Piénsalo un segundo: ¿por qué asociamos el oro y las luces con Dios o con lo eterno? La respuesta es más triste de lo que parece. Nos obsesiona el brillo porque el oro es lo único en este planeta que no se daña, no se oxida y no se pone feo. Los humanos vemos que todo a nuestro alrededor se enferma, cambia o se muere. El oro no. Ver algo que sigue brillando exactamente igual mil años después nos vuela la cabeza. Por eso las culturas antiguas forraban sus templos de dorado; no era por presumir dinero, era para intentar tocar un pedazo de algo que dure para siempre.
Esto tiene todo que ver con el miedo que nos da saber que nuestro tiempo aquí es cortísimo. Somos los únicos animales conscientes de que nos vamos a morir, y ese vacío asusta. Al rodearnos de cosas que brillan, que reflejan la luz y que parecen ganarle la batalla al tiempo, lo que hacemos es prender una linterna en nuestra propia oscuridad. El brillo engaña al ojo, hace que los espacios parezcan no tener límites y nos regala la ilusión de que somos parte de algo infinito, aunque sea por un ratito mientras miramos el destello.

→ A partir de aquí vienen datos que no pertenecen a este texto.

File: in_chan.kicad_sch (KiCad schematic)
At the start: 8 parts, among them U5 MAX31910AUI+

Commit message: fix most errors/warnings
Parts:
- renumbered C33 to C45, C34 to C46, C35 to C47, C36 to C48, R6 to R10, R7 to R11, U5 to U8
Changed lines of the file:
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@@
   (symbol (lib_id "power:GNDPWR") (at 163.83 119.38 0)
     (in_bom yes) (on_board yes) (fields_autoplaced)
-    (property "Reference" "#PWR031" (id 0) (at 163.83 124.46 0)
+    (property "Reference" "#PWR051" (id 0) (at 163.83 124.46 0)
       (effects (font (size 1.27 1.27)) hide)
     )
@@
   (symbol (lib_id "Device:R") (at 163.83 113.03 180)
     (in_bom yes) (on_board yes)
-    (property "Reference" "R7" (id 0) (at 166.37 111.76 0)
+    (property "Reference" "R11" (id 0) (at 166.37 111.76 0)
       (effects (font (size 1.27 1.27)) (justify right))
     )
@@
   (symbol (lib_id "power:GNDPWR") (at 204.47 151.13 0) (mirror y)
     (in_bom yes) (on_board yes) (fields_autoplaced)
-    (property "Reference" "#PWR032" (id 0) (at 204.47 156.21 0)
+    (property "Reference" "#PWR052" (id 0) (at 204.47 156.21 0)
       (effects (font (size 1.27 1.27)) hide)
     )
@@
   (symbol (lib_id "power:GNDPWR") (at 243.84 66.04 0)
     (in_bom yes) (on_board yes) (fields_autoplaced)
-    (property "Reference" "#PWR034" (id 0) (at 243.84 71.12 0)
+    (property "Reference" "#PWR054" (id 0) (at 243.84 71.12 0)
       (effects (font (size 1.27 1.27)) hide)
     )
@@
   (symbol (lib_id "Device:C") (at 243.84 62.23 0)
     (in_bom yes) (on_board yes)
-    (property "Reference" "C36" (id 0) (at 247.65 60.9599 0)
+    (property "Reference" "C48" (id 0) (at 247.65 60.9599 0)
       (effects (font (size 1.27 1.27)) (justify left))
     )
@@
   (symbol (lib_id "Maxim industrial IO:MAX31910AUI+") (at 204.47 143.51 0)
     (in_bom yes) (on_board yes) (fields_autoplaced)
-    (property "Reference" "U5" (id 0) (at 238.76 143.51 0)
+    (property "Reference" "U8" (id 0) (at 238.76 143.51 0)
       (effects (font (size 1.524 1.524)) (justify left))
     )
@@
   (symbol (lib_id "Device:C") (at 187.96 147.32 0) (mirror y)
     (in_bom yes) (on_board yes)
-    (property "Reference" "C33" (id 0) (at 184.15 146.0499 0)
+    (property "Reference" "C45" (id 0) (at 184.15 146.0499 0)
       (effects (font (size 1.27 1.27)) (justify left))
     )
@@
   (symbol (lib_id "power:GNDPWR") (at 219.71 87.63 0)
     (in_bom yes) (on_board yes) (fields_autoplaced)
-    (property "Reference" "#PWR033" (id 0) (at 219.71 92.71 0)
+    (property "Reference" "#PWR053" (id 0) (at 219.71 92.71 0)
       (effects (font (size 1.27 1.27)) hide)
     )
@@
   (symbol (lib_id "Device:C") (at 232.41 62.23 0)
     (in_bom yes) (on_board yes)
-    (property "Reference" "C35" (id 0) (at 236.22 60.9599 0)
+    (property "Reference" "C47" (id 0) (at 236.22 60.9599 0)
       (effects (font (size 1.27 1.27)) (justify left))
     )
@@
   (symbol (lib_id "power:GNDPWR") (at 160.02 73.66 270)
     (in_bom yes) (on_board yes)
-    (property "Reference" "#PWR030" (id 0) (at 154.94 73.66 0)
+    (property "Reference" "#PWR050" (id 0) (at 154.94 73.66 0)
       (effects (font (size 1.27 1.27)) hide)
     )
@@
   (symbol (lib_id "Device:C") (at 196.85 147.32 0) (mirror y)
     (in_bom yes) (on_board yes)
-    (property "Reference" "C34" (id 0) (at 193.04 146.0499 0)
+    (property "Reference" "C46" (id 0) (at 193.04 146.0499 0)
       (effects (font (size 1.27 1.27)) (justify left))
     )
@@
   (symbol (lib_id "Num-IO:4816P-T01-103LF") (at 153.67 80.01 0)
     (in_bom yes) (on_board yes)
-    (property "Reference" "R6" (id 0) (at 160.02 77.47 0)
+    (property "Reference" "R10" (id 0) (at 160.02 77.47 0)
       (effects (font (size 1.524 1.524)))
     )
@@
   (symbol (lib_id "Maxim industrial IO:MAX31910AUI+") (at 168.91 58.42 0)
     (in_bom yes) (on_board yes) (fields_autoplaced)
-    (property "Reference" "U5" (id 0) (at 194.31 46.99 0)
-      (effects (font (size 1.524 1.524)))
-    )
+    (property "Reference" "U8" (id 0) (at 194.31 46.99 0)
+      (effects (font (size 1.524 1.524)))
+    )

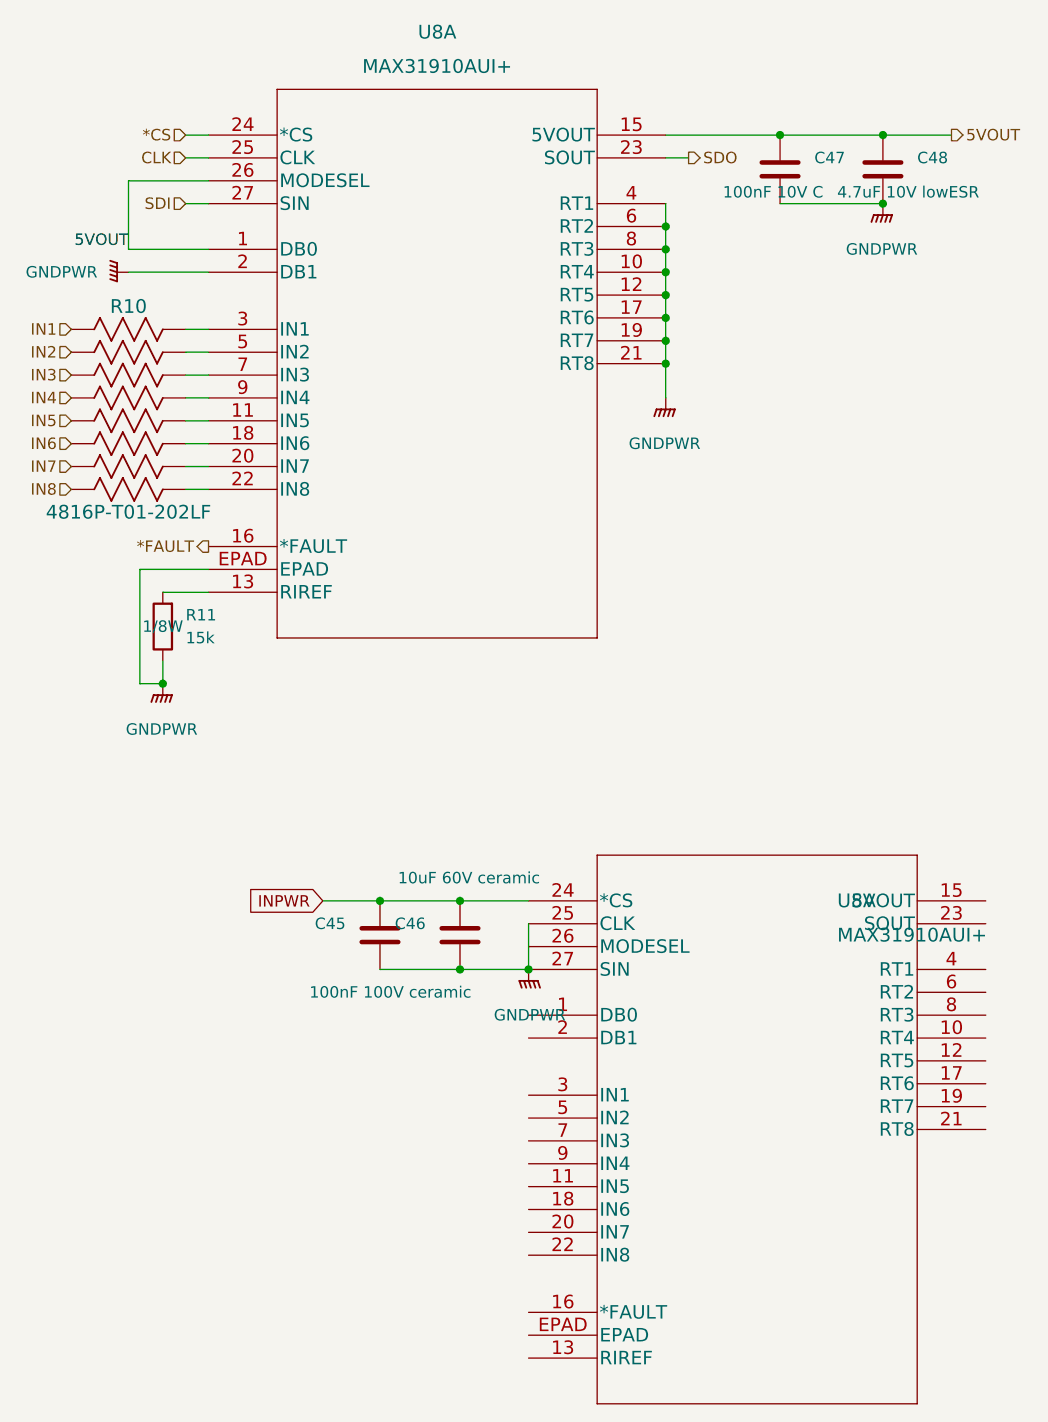
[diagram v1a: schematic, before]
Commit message: add KK connectors for power (check voltage or bypass)
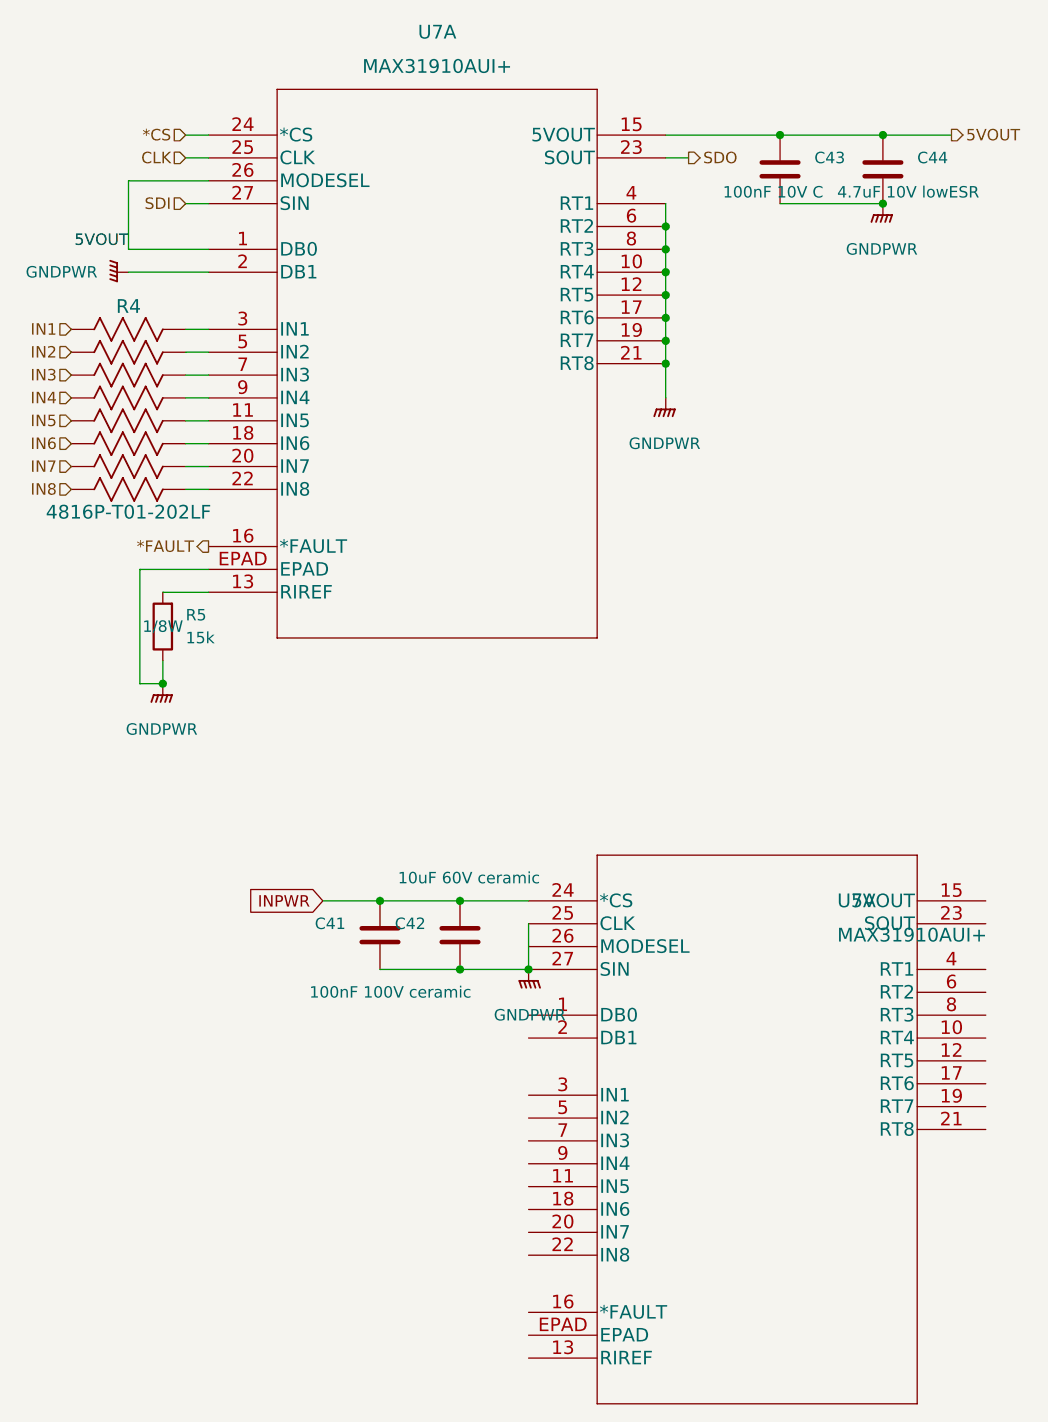
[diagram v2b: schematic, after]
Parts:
- renumbered C45 to C41, C46 to C42, C47 to C43, C48 to C44, R10 to R4, R11 to R5, U8 to U7
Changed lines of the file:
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@@
   (symbol (lib_id "Device:R") (at 163.83 113.03 180)
     (in_bom yes) (on_board yes)
-    (property "Reference" "R11" (id 0) (at 166.37 111.76 0)
+    (property "Reference" "R5" (id 0) (at 166.37 111.76 0)
       (effects (font (size 1.27 1.27)) (justify right))
     )
@@
   (symbol (lib_id "Device:C") (at 243.84 62.23 0)
     (in_bom yes) (on_board yes)
-    (property "Reference" "C48" (id 0) (at 247.65 60.9599 0)
+    (property "Reference" "C44" (id 0) (at 247.65 60.9599 0)
       (effects (font (size 1.27 1.27)) (justify left))
     )
@@
   (symbol (lib_id "Maxim industrial IO:MAX31910AUI+") (at 204.47 143.51 0)
     (in_bom yes) (on_board yes) (fields_autoplaced)
-    (property "Reference" "U8" (id 0) (at 238.76 143.51 0)
+    (property "Reference" "U7" (id 0) (at 238.76 143.51 0)
       (effects (font (size 1.524 1.524)) (justify left))
     )
@@
   (symbol (lib_id "Device:C") (at 187.96 147.32 0) (mirror y)
     (in_bom yes) (on_board yes)
-    (property "Reference" "C45" (id 0) (at 184.15 146.0499 0)
+    (property "Reference" "C41" (id 0) (at 184.15 146.0499 0)
       (effects (font (size 1.27 1.27)) (justify left))
     )
@@
   (symbol (lib_id "Device:C") (at 232.41 62.23 0)
     (in_bom yes) (on_board yes)
-    (property "Reference" "C47" (id 0) (at 236.22 60.9599 0)
+    (property "Reference" "C43" (id 0) (at 236.22 60.9599 0)
       (effects (font (size 1.27 1.27)) (justify left))
     )
@@
   (symbol (lib_id "Device:C") (at 196.85 147.32 0) (mirror y)
     (in_bom yes) (on_board yes)
-    (property "Reference" "C46" (id 0) (at 193.04 146.0499 0)
+    (property "Reference" "C42" (id 0) (at 193.04 146.0499 0)
       (effects (font (size 1.27 1.27)) (justify left))
     )
@@
   (symbol (lib_id "Num-IO:4816P-T01-103LF") (at 153.67 80.01 0)
     (in_bom yes) (on_board yes)
-    (property "Reference" "R10" (id 0) (at 160.02 77.47 0)
+    (property "Reference" "R4" (id 0) (at 160.02 77.47 0)
       (effects (font (size 1.524 1.524)))
     )
@@
   (symbol (lib_id "Maxim industrial IO:MAX31910AUI+") (at 168.91 58.42 0)
     (in_bom yes) (on_board yes) (fields_autoplaced)
-    (property "Reference" "U8" (id 0) (at 194.31 46.99 0)
+    (property "Reference" "U7" (id 0) (at 194.31 46.99 0)
       (effects (font (size 1.524 1.524)))
     )

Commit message: add resistances for bypassing the isolator
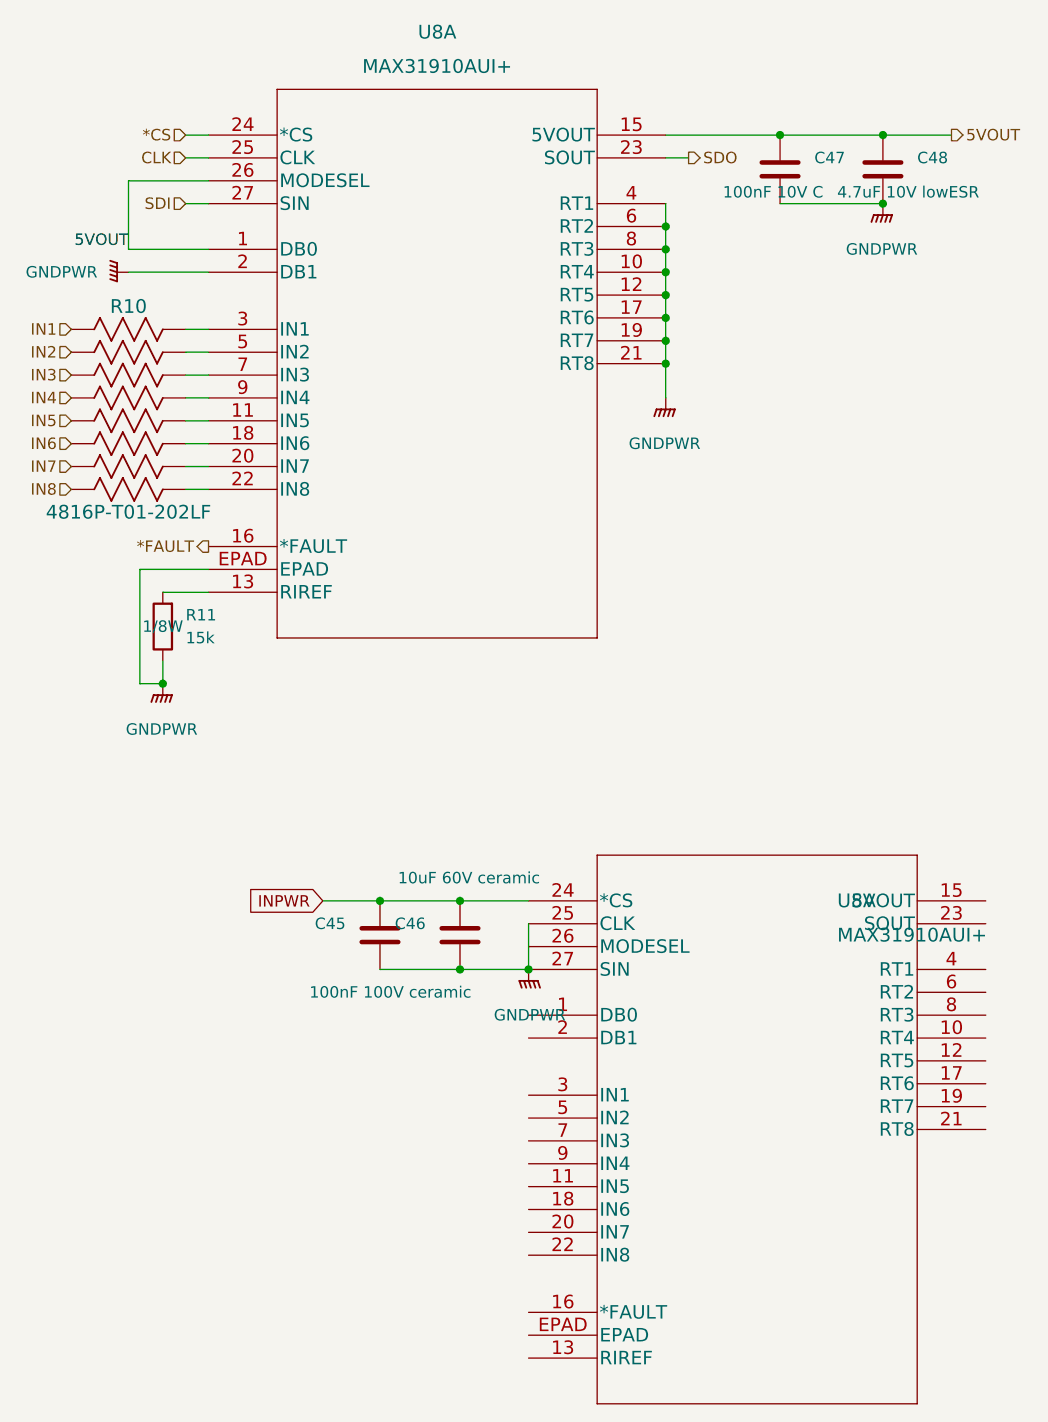
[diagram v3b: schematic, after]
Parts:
- renumbered C41 to C45, C42 to C46, C43 to C47, C44 to C48, R4 to R10, R5 to R11, U7 to U8
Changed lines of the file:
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@@
   (symbol (lib_id "Device:R") (at 163.83 113.03 180)
     (in_bom yes) (on_board yes)
-    (property "Reference" "R5" (id 0) (at 166.37 111.76 0)
+    (property "Reference" "R11" (id 0) (at 166.37 111.76 0)
       (effects (font (size 1.27 1.27)) (justify right))
     )
@@
   (symbol (lib_id "Device:C") (at 243.84 62.23 0)
     (in_bom yes) (on_board yes)
-    (property "Reference" "C44" (id 0) (at 247.65 60.9599 0)
+    (property "Reference" "C48" (id 0) (at 247.65 60.9599 0)
       (effects (font (size 1.27 1.27)) (justify left))
     )
@@
   (symbol (lib_id "Maxim industrial IO:MAX31910AUI+") (at 204.47 143.51 0)
     (in_bom yes) (on_board yes) (fields_autoplaced)
-    (property "Reference" "U7" (id 0) (at 238.76 143.51 0)
+    (property "Reference" "U8" (id 0) (at 238.76 143.51 0)
       (effects (font (size 1.524 1.524)) (justify left))
     )
@@
   (symbol (lib_id "Device:C") (at 187.96 147.32 0) (mirror y)
     (in_bom yes) (on_board yes)
-    (property "Reference" "C41" (id 0) (at 184.15 146.0499 0)
+    (property "Reference" "C45" (id 0) (at 184.15 146.0499 0)
       (effects (font (size 1.27 1.27)) (justify left))
     )
@@
   (symbol (lib_id "Device:C") (at 232.41 62.23 0)
     (in_bom yes) (on_board yes)
-    (property "Reference" "C43" (id 0) (at 236.22 60.9599 0)
+    (property "Reference" "C47" (id 0) (at 236.22 60.9599 0)
       (effects (font (size 1.27 1.27)) (justify left))
     )
@@
   (symbol (lib_id "Device:C") (at 196.85 147.32 0) (mirror y)
     (in_bom yes) (on_board yes)
-    (property "Reference" "C42" (id 0) (at 193.04 146.0499 0)
+    (property "Reference" "C46" (id 0) (at 193.04 146.0499 0)
       (effects (font (size 1.27 1.27)) (justify left))
     )
@@
   (symbol (lib_id "Num-IO:4816P-T01-103LF") (at 153.67 80.01 0)
     (in_bom yes) (on_board yes)
-    (property "Reference" "R4" (id 0) (at 160.02 77.47 0)
+    (property "Reference" "R10" (id 0) (at 160.02 77.47 0)
       (effects (font (size 1.524 1.524)))
     )
@@
   (symbol (lib_id "Maxim industrial IO:MAX31910AUI+") (at 168.91 58.42 0)
     (in_bom yes) (on_board yes) (fields_autoplaced)
-    (property "Reference" "U7" (id 0) (at 194.31 46.99 0)
+    (property "Reference" "U8" (id 0) (at 194.31 46.99 0)
       (effects (font (size 1.524 1.524)))
     )

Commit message: add condo for MPG isolator + small rerouting pair diff
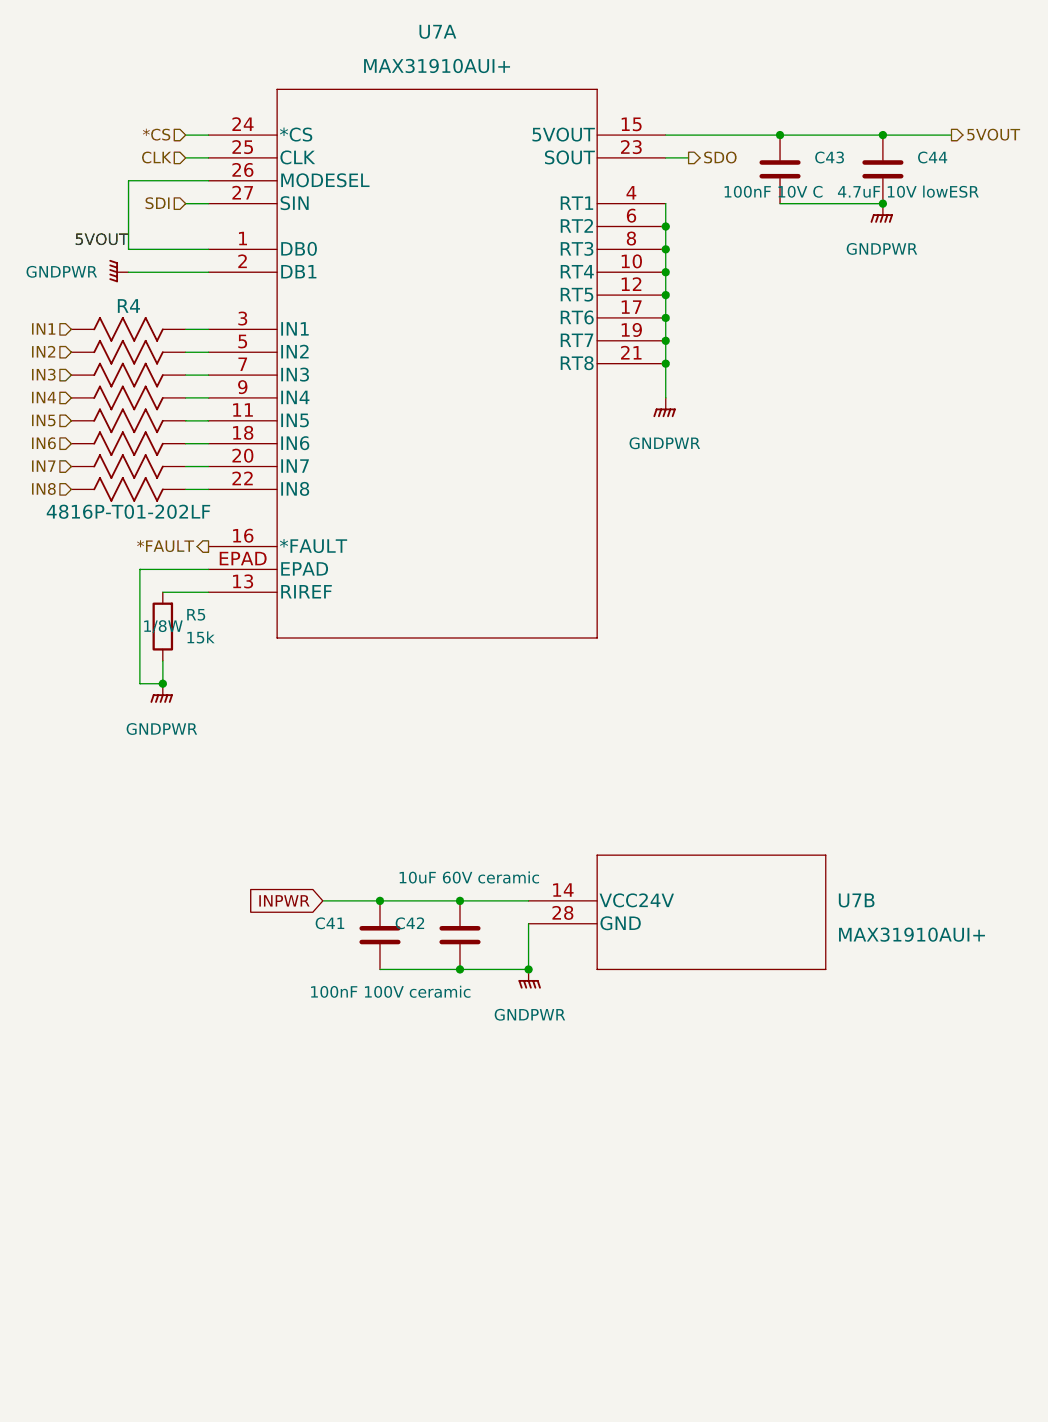
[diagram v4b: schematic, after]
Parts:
- renumbered C45 to C41, C46 to C42, C47 to C43, C48 to C44, R10 to R4, R11 to R5, U8 to U7
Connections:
- net GNDPWR: now also U7.28 (GND); no longer U7.25 (CLK), U7.27 (SIN)
- net INPWR: now also U7.14 (VCC24V); no longer U7.24 (*CS)

Al final, esta fijación es nuestra pequeña rebelión contra la muerte. Da igual si hablamos de las máscaras de oro de los faraones o de las luces de la ciudad que miras hoy desde la ventana del carro. Buscamos la luz porque le tememos al silencio y a la sombra del final. Que te guste el brillo no es un capricho superficial de la moda; es el grito desesperado de nosotros, los mortales, inventando cosas hermosas para convencernos de que hay una parte nuestra que nunca se va a apagar.